In practice, to maximize (\ref{marginallikelihood}), one typically makes use of gradient descent, using analytical expressions for the gradient. This is the approach taken by SKLearn. Being able to optimize the hyper-parameters of a GP is one of this model’s virtures. Unfortunately, (\ref{marginallikelihood}) is not guaranteed to be convex and multiple local minima often exist. To obtain a good minimum, one can attempt to initialize at some well-motivated point. Alternatively, one can reinitialize the gradient descent repeatedly at random points, finally selecting the best option at the end.
Function minimum search and machine learning
We’re now ready to introduce one of the popular application of GPs: fast, guided function minimum search. In this problem, one is able to iteratively obtain noisy samples of a function, and the aim is to identify as quickly as possible the global minimum of the function. Gradient descent could be applied in cases like this, but this approach generally requires repeated sampling if the function is not convex. To reduce the number of steps / samples required, one can attempt to apply a more general, explore-exploit type strategy — one balancing the desire to optimize about the current best known minimum with the goal of seeking out new local minima that are potentially even better. GP posteriors provide a natural starting point for developing such strategies.
The idea behind the GP-guided search approach is to develop a score function on top of the GP posterior. This score function should be chosen to encode some opinion of the value of searching a given point — preferably one that takes an explore-exploit flavor. Once each point is scored, the point with the largest (or smallest, as appropriate) score is sampled. The process is then repeated iteratively until one is satisfied. Many score functions are possible. We discuss four possible choices below, then give an example.
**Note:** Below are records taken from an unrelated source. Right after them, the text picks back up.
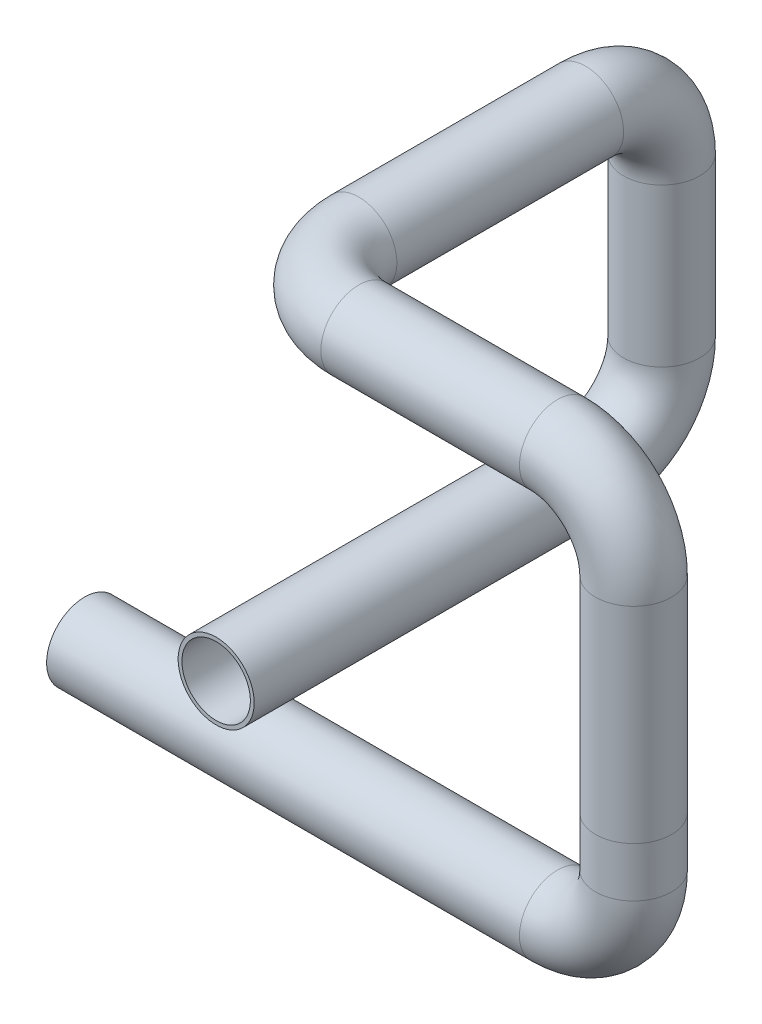
ISO-10303-21;
HEADER;
FILE_DESCRIPTION(('STEP AP214'),'2;1');
FILE_NAME('part.step','',(''),(''),'','','');
FILE_SCHEMA(('AUTOMOTIVE_DESIGN { 1 0 10303 214 1 1 1 1 }'));
ENDSEC;
DATA;
#1=APPLICATION_CONTEXT('core data for automotive mechanical design processes');
#2=APPLICATION_PROTOCOL_DEFINITION('international standard','automotive_design',2000,#1);
#3=PRODUCT_CONTEXT('',#1,'mechanical');
#4=PRODUCT('Part','Part','',(#3));
#5=PRODUCT_RELATED_PRODUCT_CATEGORY('part','',(#4));
#6=PRODUCT_DEFINITION_FORMATION('','',#4);
#7=PRODUCT_DEFINITION_CONTEXT('part definition',#1,'design');
#8=PRODUCT_DEFINITION('design','',#6,#7);
#9=PRODUCT_DEFINITION_SHAPE('','',#8);
#10=(LENGTH_UNIT() NAMED_UNIT(*) SI_UNIT(.MILLI.,.METRE.));
#11=(NAMED_UNIT(*) PLANE_ANGLE_UNIT() SI_UNIT($,.RADIAN.));
#12=(NAMED_UNIT(*) SI_UNIT($,.STERADIAN.) SOLID_ANGLE_UNIT());
#13=UNCERTAINTY_MEASURE_WITH_UNIT(LENGTH_MEASURE(1.E-05),#10,'distance_accuracy_value','');
#14=(GEOMETRIC_REPRESENTATION_CONTEXT(3) GLOBAL_UNCERTAINTY_ASSIGNED_CONTEXT((#13)) GLOBAL_UNIT_ASSIGNED_CONTEXT((#10,
#11,#12)) REPRESENTATION_CONTEXT('',''));
#15=CARTESIAN_POINT('',(0.,0.,0.));
#16=DIRECTION('',(0.,0.,1.));
#17=DIRECTION('',(1.,0.,0.));
#18=AXIS2_PLACEMENT_3D('',#15,#16,#17);
#19=CARTESIAN_POINT('',(0.,0.,0.));
#20=DIRECTION('',(0.,0.,-1.));
#21=DIRECTION('',(0.,1.,0.));
#22=AXIS2_PLACEMENT_3D('',#19,#20,#21);
#23=PLANE('',#22);
#24=CARTESIAN_POINT('',(0.,0.,0.));
#25=DIRECTION('',(0.,0.,-1.));
#26=DIRECTION('',(0.,1.,0.));
#27=AXIS2_PLACEMENT_3D('',#24,#25,#26);
#28=CIRCLE('',#27,4.5);
#29=CARTESIAN_POINT('',(0.,4.5,0.));
#30=VERTEX_POINT('',#29);
#31=EDGE_CURVE('E117',#30,#30,#28,.T.);
#32=ORIENTED_EDGE('',*,*,#31,.T.);
#33=EDGE_LOOP('',(#32));
#34=FACE_BOUND('',#33,.T.);
#35=CARTESIAN_POINT('',(0.,0.,0.));
#36=DIRECTION('',(0.,0.,-1.));
#37=DIRECTION('',(0.,1.,0.));
#38=AXIS2_PLACEMENT_3D('',#35,#36,#37);
#39=CIRCLE('',#38,5.);
#40=CARTESIAN_POINT('',(0.,5.,0.));
#41=VERTEX_POINT('',#40);
#42=EDGE_CURVE('E108',#41,#41,#39,.T.);
#43=ORIENTED_EDGE('',*,*,#42,.F.);
#44=EDGE_LOOP('',(#43));
#45=FACE_BOUND('',#44,.T.);
#46=ADVANCED_FACE('F53',(#34,#45),#23,.F.);
#47=CARTESIAN_POINT('',(-26.0470045787997,-12.8350139714826,-8.76048561855214));
#48=DIRECTION('',(-1.,0.,0.));
#49=DIRECTION('',(0.,1.,0.));
#50=AXIS2_PLACEMENT_3D('',#47,#48,#49);
#51=PLANE('',#50);
#52=CARTESIAN_POINT('',(-26.0470045787997,-12.8350139714826,-8.76048561855214));
#53=DIRECTION('',(-1.,0.,0.));
#54=DIRECTION('',(0.,-1.,0.));
#55=AXIS2_PLACEMENT_3D('',#52,#53,#54);
#56=CIRCLE('',#55,4.5);
#57=CARTESIAN_POINT('',(-26.0470045787997,-17.3350139714826,-8.76048561855214));
#58=VERTEX_POINT('',#57);
#59=EDGE_CURVE('E112',#58,#58,#56,.T.);
#60=ORIENTED_EDGE('',*,*,#59,.F.);
#61=EDGE_LOOP('',(#60));
#62=FACE_BOUND('',#61,.T.);
#63=CARTESIAN_POINT('',(-26.0470045787997,-12.8350139714826,-8.76048561855214));
#64=DIRECTION('',(-1.,0.,0.));
#65=DIRECTION('',(0.,1.,0.));
#66=AXIS2_PLACEMENT_3D('',#63,#64,#65);
#67=CIRCLE('',#66,5.);
#68=CARTESIAN_POINT('',(-26.0470045787997,-7.83501397148257,-8.76048561855214));
#69=VERTEX_POINT('',#68);
#70=EDGE_CURVE('E11',#69,#69,#67,.T.);
#71=ORIENTED_EDGE('',*,*,#70,.T.);
#72=EDGE_LOOP('',(#71));
#73=FACE_BOUND('',#72,.T.);
#74=ADVANCED_FACE('F193',(#62,#73),#51,.T.);
#75=CARTESIAN_POINT('',(0.,0.,0.));
#76=DIRECTION('',(0.,0.,-1.));
#77=DIRECTION('',(0.,1.,0.));
#78=AXIS2_PLACEMENT_3D('',#75,#76,#77);
#79=CYLINDRICAL_SURFACE('',#78,5.);
#80=CARTESIAN_POINT('',(0.,0.,-48.5618707582967));
#81=DIRECTION('',(0.,0.,-1.));
#82=DIRECTION('',(0.,1.,0.));
#83=AXIS2_PLACEMENT_3D('',#80,#81,#82);
#84=CIRCLE('',#83,5.);
#85=CARTESIAN_POINT('',(0.,-5.,-48.5618707582967));
#86=VERTEX_POINT('',#85);
#87=EDGE_CURVE('E104',#86,#86,#84,.T.);
#88=ORIENTED_EDGE('',*,*,#87,.F.);
#89=EDGE_LOOP('',(#88));
#90=FACE_BOUND('',#89,.T.);
#91=ORIENTED_EDGE('',*,*,#42,.T.);
#92=EDGE_LOOP('',(#91));
#93=FACE_BOUND('',#92,.T.);
#94=ADVANCED_FACE('F195',(#90,#93),#79,.T.);
#95=CARTESIAN_POINT('',(0.,10.,-48.5618707582967));
#96=DIRECTION('',(1.,0.,0.));
#97=DIRECTION('',(0.,0.,-1.));
#98=AXIS2_PLACEMENT_3D('',#95,#96,#97);
#99=TOROIDAL_SURFACE('',#98,10.,5.);
#100=CARTESIAN_POINT('',(0.,10.,-58.5618707582967));
#101=DIRECTION('',(0.,1.,0.));
#102=DIRECTION('',(0.,0.,1.));
#103=AXIS2_PLACEMENT_3D('',#100,#101,#102);
#104=CIRCLE('',#103,5.);
#105=CARTESIAN_POINT('',(0.,10.,-63.5618707582967));
#106=VERTEX_POINT('',#105);
#107=EDGE_CURVE('E100',#106,#106,#104,.T.);
#108=CARTESIAN_POINT('',(0.,10.,-48.5618707582967));
#109=DIRECTION('',(1.,0.,0.));
#110=DIRECTION('',(0.,0.,-1.));
#111=AXIS2_PLACEMENT_3D('',#108,#109,#110);
#112=CIRCLE('',#111,15.);
#113=EDGE_CURVE('',#86,#106,#112,.T.);
#114=ORIENTED_EDGE('',*,*,#87,.T.);
#115=ORIENTED_EDGE('',*,*,#107,.F.);
#116=ORIENTED_EDGE('',*,*,#113,.T.);
#117=ORIENTED_EDGE('',*,*,#113,.F.);
#118=EDGE_LOOP('',(#114,#116,#115,#117));
#119=FACE_BOUND('',#118,.T.);
#120=ADVANCED_FACE('F201',(#119),#99,.T.);
#121=CARTESIAN_POINT('',(0.,10.,-58.5618707582967));
#122=DIRECTION('',(0.,1.,0.));
#123=DIRECTION('',(0.,0.,1.));
#124=AXIS2_PLACEMENT_3D('',#121,#122,#123);
#125=CYLINDRICAL_SURFACE('',#124,5.);
#126=CARTESIAN_POINT('',(0.,30.7185739143756,-58.5618707582967));
#127=DIRECTION('',(0.,1.,0.));
#128=DIRECTION('',(0.,0.,1.));
#129=AXIS2_PLACEMENT_3D('',#126,#127,#128);
#130=CIRCLE('',#129,5.);
#131=CARTESIAN_POINT('',(0.,30.7185739143756,-63.5618707582967));
#132=VERTEX_POINT('',#131);
#133=EDGE_CURVE('E96',#132,#132,#130,.T.);
#134=ORIENTED_EDGE('',*,*,#133,.F.);
#135=EDGE_LOOP('',(#134));
#136=FACE_BOUND('',#135,.T.);
#137=ORIENTED_EDGE('',*,*,#107,.T.);
#138=EDGE_LOOP('',(#137));
#139=FACE_BOUND('',#138,.T.);
#140=ADVANCED_FACE('F266',(#136,#139),#125,.T.);
#141=CARTESIAN_POINT('',(0.,30.7185739143756,-48.5618707582967));
#142=DIRECTION('',(1.,0.,0.));
#143=DIRECTION('',(0.,0.,-1.));
#144=AXIS2_PLACEMENT_3D('',#141,#142,#143);
#145=TOROIDAL_SURFACE('',#144,10.,5.);
#146=CARTESIAN_POINT('',(0.,40.7185739143756,-48.5618707582967));
#147=DIRECTION('',(0.,0.,1.));
#148=DIRECTION('',(0.,-1.,0.));
#149=AXIS2_PLACEMENT_3D('',#146,#147,#148);
#150=CIRCLE('',#149,5.);
#151=CARTESIAN_POINT('',(0.,45.7185739143756,-48.5618707582967));
#152=VERTEX_POINT('',#151);
#153=EDGE_CURVE('E92',#152,#152,#150,.T.);
#154=CARTESIAN_POINT('',(0.,30.7185739143756,-48.5618707582967));
#155=DIRECTION('',(1.,0.,0.));
#156=DIRECTION('',(0.,0.,-1.));
#157=AXIS2_PLACEMENT_3D('',#154,#155,#156);
#158=CIRCLE('',#157,15.);
#159=EDGE_CURVE('',#132,#152,#158,.T.);
#160=ORIENTED_EDGE('',*,*,#133,.T.);
#161=ORIENTED_EDGE('',*,*,#153,.F.);
#162=ORIENTED_EDGE('',*,*,#159,.T.);
#163=ORIENTED_EDGE('',*,*,#159,.F.);
#164=EDGE_LOOP('',(#160,#162,#161,#163));
#165=FACE_BOUND('',#164,.T.);
#166=ADVANCED_FACE('F270',(#165),#145,.T.);
#167=CARTESIAN_POINT('',(0.,40.7185739143756,-48.5618707582967));
#168=DIRECTION('',(0.,0.,1.));
#169=DIRECTION('',(1.,0.,0.));
#170=AXIS2_PLACEMENT_3D('',#167,#168,#169);
#171=CYLINDRICAL_SURFACE('',#170,5.);
#172=CARTESIAN_POINT('',(0.,40.7185739143756,-18.7604856185521));
#173=DIRECTION('',(0.,0.,1.));
#174=DIRECTION('',(0.,-1.,0.));
#175=AXIS2_PLACEMENT_3D('',#172,#173,#174);
#176=CIRCLE('',#175,5.);
#177=CARTESIAN_POINT('',(-5.,40.7185739143756,-18.7604856185521));
#178=VERTEX_POINT('',#177);
#179=EDGE_CURVE('E88',#178,#178,#176,.T.);
#180=ORIENTED_EDGE('',*,*,#179,.F.);
#181=EDGE_LOOP('',(#180));
#182=FACE_BOUND('',#181,.T.);
#183=ORIENTED_EDGE('',*,*,#153,.T.);
#184=EDGE_LOOP('',(#183));
#185=FACE_BOUND('',#184,.T.);
#186=ADVANCED_FACE('F274',(#182,#185),#171,.T.);
#187=CARTESIAN_POINT('',(10.,40.7185739143756,-18.7604856185521));
#188=DIRECTION('',(0.,1.,0.));
#189=DIRECTION('',(0.,0.,1.));
#190=AXIS2_PLACEMENT_3D('',#187,#188,#189);
#191=TOROIDAL_SURFACE('',#190,10.,5.);
#192=CARTESIAN_POINT('',(10.,40.7185739143756,-8.76048561855214));
#193=DIRECTION('',(1.,0.,0.));
#194=DIRECTION('',(0.,-1.,0.));
#195=AXIS2_PLACEMENT_3D('',#192,#193,#194);
#196=CIRCLE('',#195,5.);
#197=CARTESIAN_POINT('',(10.,40.7185739143756,-3.76048561855214));
#198=VERTEX_POINT('',#197);
#199=EDGE_CURVE('E84',#198,#198,#196,.T.);
#200=CARTESIAN_POINT('',(10.,40.7185739143756,-18.7604856185521));
#201=DIRECTION('',(0.,1.,0.));
#202=DIRECTION('',(0.,0.,1.));
#203=AXIS2_PLACEMENT_3D('',#200,#201,#202);
#204=CIRCLE('',#203,15.);
#205=EDGE_CURVE('',#178,#198,#204,.T.);
#206=ORIENTED_EDGE('',*,*,#179,.T.);
#207=ORIENTED_EDGE('',*,*,#199,.F.);
#208=ORIENTED_EDGE('',*,*,#205,.T.);
#209=ORIENTED_EDGE('',*,*,#205,.F.);
#210=EDGE_LOOP('',(#206,#208,#207,#209));
#211=FACE_BOUND('',#210,.T.);
#212=ADVANCED_FACE('F278',(#211),#191,.T.);
#213=CARTESIAN_POINT('',(10.,40.7185739143756,-8.76048561855214));
#214=DIRECTION('',(1.,0.,0.));
#215=DIRECTION('',(0.,0.,-1.));
#216=AXIS2_PLACEMENT_3D('',#213,#214,#215);
#217=CYLINDRICAL_SURFACE('',#216,5.);
#218=CARTESIAN_POINT('',(36.112465609383,40.7185739143756,-8.76048561855214));
#219=DIRECTION('',(1.,0.,0.));
#220=DIRECTION('',(0.,-1.,0.));
#221=AXIS2_PLACEMENT_3D('',#218,#219,#220);
#222=CIRCLE('',#221,5.);
#223=CARTESIAN_POINT('',(36.112465609383,45.7185739143756,-8.76048561855214));
#224=VERTEX_POINT('',#223);
#225=EDGE_CURVE('E80',#224,#224,#222,.T.);
#226=ORIENTED_EDGE('',*,*,#225,.F.);
#227=EDGE_LOOP('',(#226));
#228=FACE_BOUND('',#227,.T.);
#229=ORIENTED_EDGE('',*,*,#199,.T.);
#230=EDGE_LOOP('',(#229));
#231=FACE_BOUND('',#230,.T.);
#232=ADVANCED_FACE('F282',(#228,#231),#217,.T.);
#233=CARTESIAN_POINT('',(36.112465609383,30.7185739143756,-8.76048561855214));
#234=DIRECTION('',(0.,0.,-1.));
#235=DIRECTION('',(-1.,0.,0.));
#236=AXIS2_PLACEMENT_3D('',#233,#234,#235);
#237=TOROIDAL_SURFACE('',#236,10.,5.);
#238=CARTESIAN_POINT('',(46.112465609383,30.7185739143756,-8.76048561855214));
#239=DIRECTION('',(0.,-1.,0.));
#240=DIRECTION('',(-1.,0.,0.));
#241=AXIS2_PLACEMENT_3D('',#238,#239,#240);
#242=CIRCLE('',#241,5.);
#243=CARTESIAN_POINT('',(51.112465609383,30.7185739143756,-8.76048561855214));
#244=VERTEX_POINT('',#243);
#245=EDGE_CURVE('E76',#244,#244,#242,.T.);
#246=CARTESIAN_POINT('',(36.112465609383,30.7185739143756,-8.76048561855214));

- Gaussian Lower Confidence Bound (GLCB).The GLCB scores each point $x$ as\begin{eqnarray}\tag{11}s_{\kappa}(x) = \mu(x) – \kappa \sigma(x).\end{eqnarray}Here, $\mu$ and $\sigma$ are the GP posterior estimates for the mean and standard deviation for the function at $x$ and $\kappa$ is a control parameter. Notice that the first $\mu(x)$ term encourages exploitation around the best known local minimum. Similarly, the second $\kappa \sigma$ term encourages exploration — search at points where the GP is currently most unsure of the true function value.